地面是他刚才感觉到的富有弹性的材质,同样是灰白色,表面有极其细微的、规则的纹理,踩上去安静无声。整个空间大约有一个篮球场大小,除了他们三个,空无一物。没有门,没有窗,没有通风口,没有任何标识或装饰。它就像一个被精心打磨过的、光滑的蛋壳内部。
绝对的寂静。
不是死寂,而是一种被高度净化和过滤后的静谧,连自己的心跳和呼吸声都显得格外清晰、响亮。阿杰能听到自己粗重的喘息,能听到老鹰压抑的、痛苦的吸气声,能听到背上伍馨微弱到几乎听不见的呼吸。
他猛地转头,看向他们来的方向。
身后大约三米处,那扇淡蓝色的、旋转的光晕“门”还在。但它已经变得极其不稳定,光芒剧烈闪烁,旋转的速度时快时慢,边缘不断崩解出细小的光粒,像风中残烛。
“门”的尺寸也在缩小。原本能容一人轻松通过的大小,此刻正以肉眼可见的速度向内收缩,从直径两米多迅速缩小到一米五、一米……
阿杰的心脏骤然收紧。
“老鹰!”他低吼一声,声音在这个静谧的空间里显得异常突兀。
老鹰半跪在地上,左手死死捂着右腿的伤口,脸色惨白如纸,额头上全是冷汗。他闻声抬头,也看到了正在缩小的“门”,瞳孔骤缩。
几乎没有任何犹豫,阿杰背着伍馨,忍着右腿钻心的疼痛,踉跄着朝那扇“门”冲去。老鹰也挣扎着想要站起来跟上。
但太迟了。
就在阿杰距离“门”还有一步之遥时,那淡蓝色的光晕猛地向内一缩,亮度骤增,刺得人睁不开眼,随即像被戳破的肥皂泡一样,“噗”地一声轻响,彻底湮灭。
最后一点蓝光消散在空气中。
他们面前,只剩下光滑、完整、毫无瑕疵的灰白色墙壁。
“门”消失了。
他们被困在了这个完全陌生、封闭、诡异的“蛋壳”里。
阿杰僵在原地,保持着前冲的姿势,眼睛死死盯着“门”消失的地方。几秒钟后,他才缓缓直起身,环顾这个寂静得可怕的空间。没有出口。至少肉眼看不到任何类似门或通道的结构。
“操……”老鹰嘶哑的声音打破了寂静,他尝试了几次,终于用没受伤的右手撑着那富有弹性的地面,摇摇晃晃地站了起来。他的左臂以一个不自然的角度垂着,右腿裤管已经被血浸透,每动一下,脸上就抽搐一下。“这他妈是哪儿?”
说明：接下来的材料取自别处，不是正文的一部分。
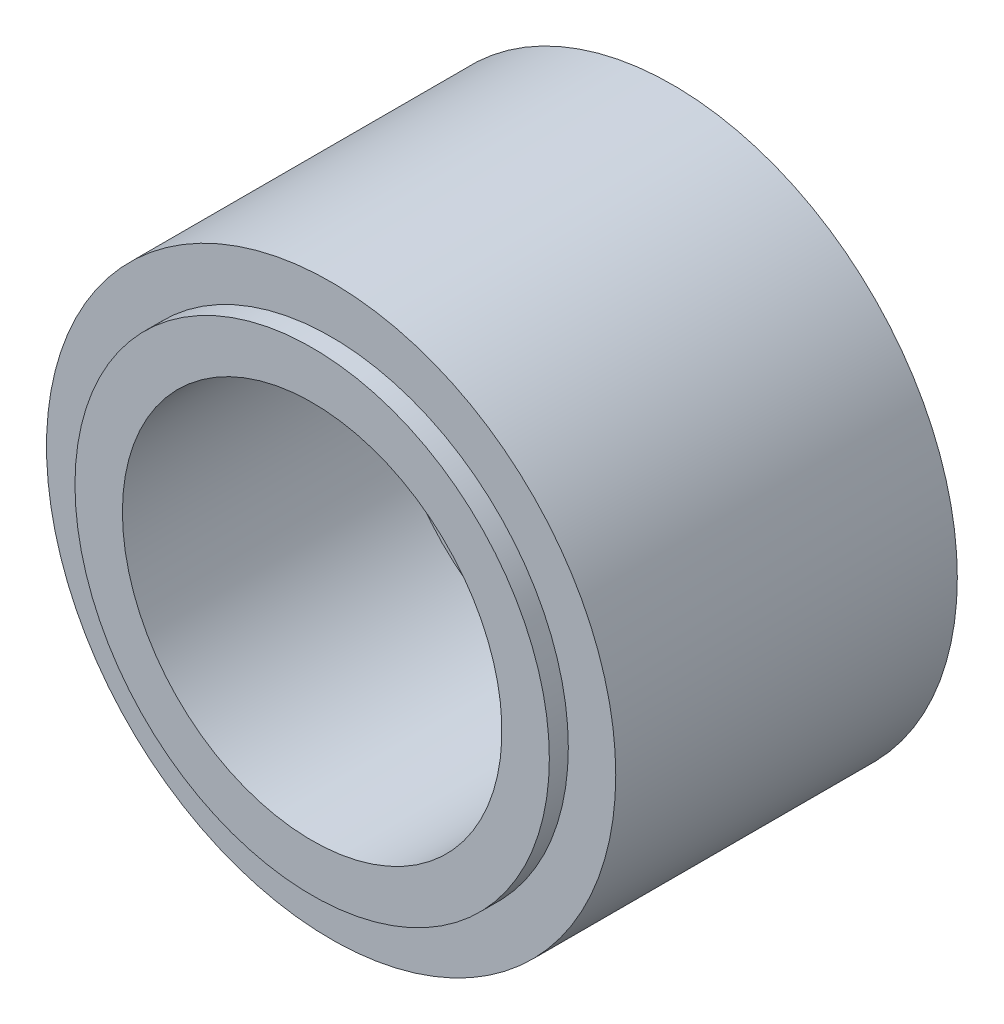
SolidWorks part; units mm, degrees
ref_plane "Alzado" through (0, 0, 0) normal (0, 0, 1) x (1, 0, 0)
ref_plane "Planta" through (0, 0, 0) normal (0, 1, 0) x (1, 0, 0)
ref_plane "Vista lateral" through (0, 0, 0) normal (1, 0, 0) x (0, 0, -1)
sketch "Croquis1" plane through (0, 0, 0) normal (1, 0, 0) x (0, 0, -1)
  line L0 (0, -1.5) -> (0, -12.5)
  line L1 (0, -12.5) -> (-1, -12.5)
  line L2 (-1, -12.5) -> (-1, -11)
  line L3 (-1, -11) -> (-19, -11)
  line L4 (-19, -11) -> (-19, -12.5)
  line L5 (-19, -12.5) -> (-20, -12.5)
  line L6 (-20, -12.5) -> (-20, -10)
  line L7 (-20, -10) -> (-6, -10)
  line L8 (-6, -10) -> (-6, -1.5)
  line L9 (0, -1.5) -> (-6, -1.5)
  line L10 (0, 0) -> (-20, 0) construction
  dimension "D1" = 1.5
  dimension "D2" = 10
  dimension "D3" = 12.5
  dimension "D4" = 18
  dimension "D5" = 1
  dimension "D6" = 1
  dimension "D7" = 1
  dimension "D8" = 6
  dimension "D9" = 11
revolve "Revolución1" add sketch "Croquis1" angle 360 about L10
ref_plane "Plano1" through (0, 0, 1) normal (0, 0, 1) x (1, 0, 0)
sketch "Croquis2" plane through (0, 0, 1) normal (0, 0, 1) x (1, 0, 0)
  circle A0 centre (0, 0) radius 15
  circle A1 centre (0, 0) radius 12.5 construction
  circle A2 centre (0, 0) radius 12.5
  dimension "D1" = 30
extrude "Saliente-Extruir1" add sketch "Croquis2" along normal up to surface (18 mm away) up to face at (-11, 0, 19)
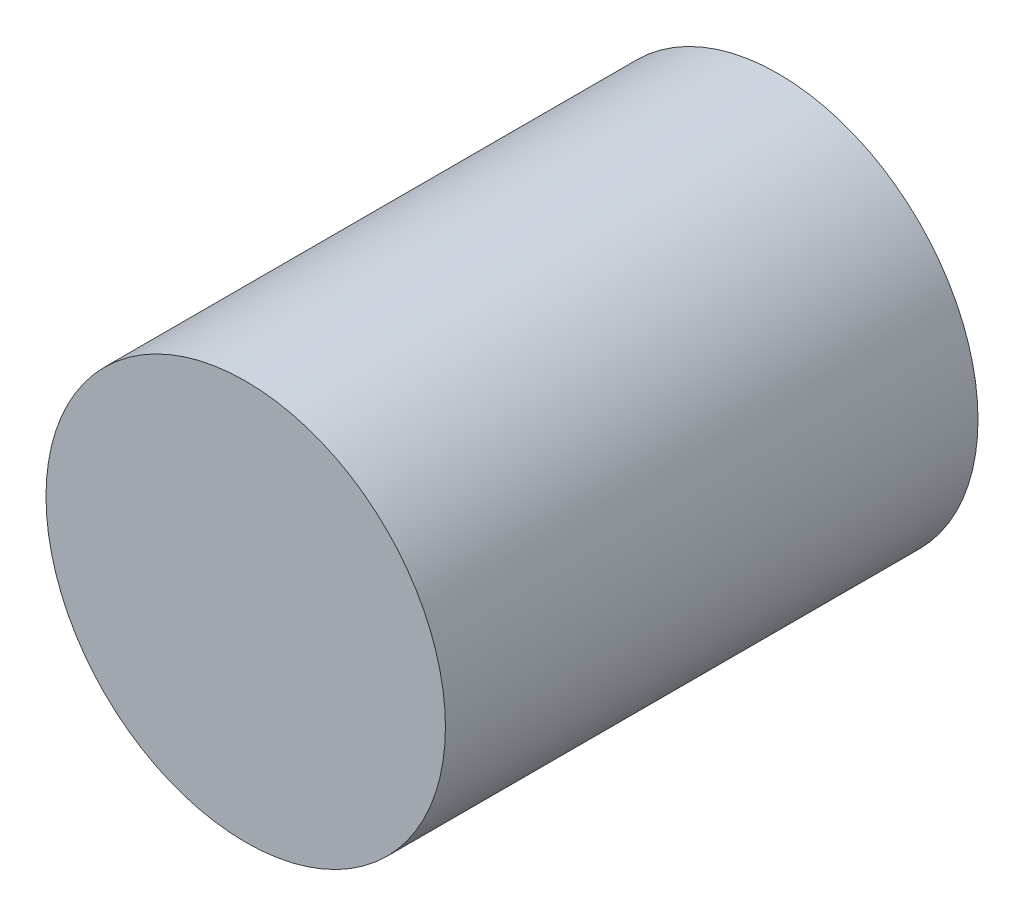
SolidWorks part; units mm, degrees
ref_plane "Front Plane" through (0, 0, 0) normal (0, 0, 1) x (1, 0, 0)
ref_plane "Top Plane" through (0, 0, 0) normal (0, 1, 0) x (1, 0, 0)
ref_plane "Right Plane" through (0, 0, 0) normal (1, 0, 0) x (0, 0, -1)
sketch "Sketch1" plane through (0, 0, 0) normal (0, 0, 1) x (1, 0, 0)
  circle A0 centre (0, 0) radius 15
  dimension "D1" = 30
extrude "Boss-Extrude1" add sketch "Sketch1" along normal blind 40
sketch "Sketch3" plane through (0, 0, 40) normal (0, 0, 1) x (1, 0, 0)
  line L0 (0, 15) -> (0, -15) construction
  circle A0 centre (0, 0) radius 15 construction

阿杰没有回答。他小心翼翼地将背上的伍馨放下来,让她平躺在那富有弹性的地面上。伍馨双目紧闭,脸色比老鹰还要苍白,嘴唇没有丝毫血色,呼吸微弱得几乎感觉不到。阿杰颤抖着伸出手指,探向她的颈动脉。
指尖传来极其微弱、但确实存在的搏动。
还活着。
阿杰长长地、颤抖地吐出一口气,一直紧绷到极致的神经稍微松弛了一点点,随之而来的是排山倒海的疲惫和全身各处伤口爆发的剧痛。他腿一软,跌坐在伍馨身边,右腿传来骨头错位的剧痛,让他眼前一黑,差点晕过去。
“她怎么样?”老鹰单脚跳着挪过来,声音里带着紧张。
“还活着,但很弱。”阿杰的声音沙哑得厉害,他强迫自己集中精神,开始检查伍馨的身体。没有明显的新外伤,但她的体温很低,皮肤冰凉,额头却反常地有些发烫。昏迷得很深,对任何外界刺激都没有反应。
“先处理伤口。”阿杰咬着牙,撕开自己早已破烂不堪的衬衫下摆。布料浸透了血和汗,黏糊糊的。他先简单检查了一下自己背部的伤口,子弹擦伤,皮肉翻卷,流血已经减缓,但必须清理包扎,否则感染会要命。右腿的骨折是眼下最麻烦的,剧痛和无法承重严重限制了他的行动能力。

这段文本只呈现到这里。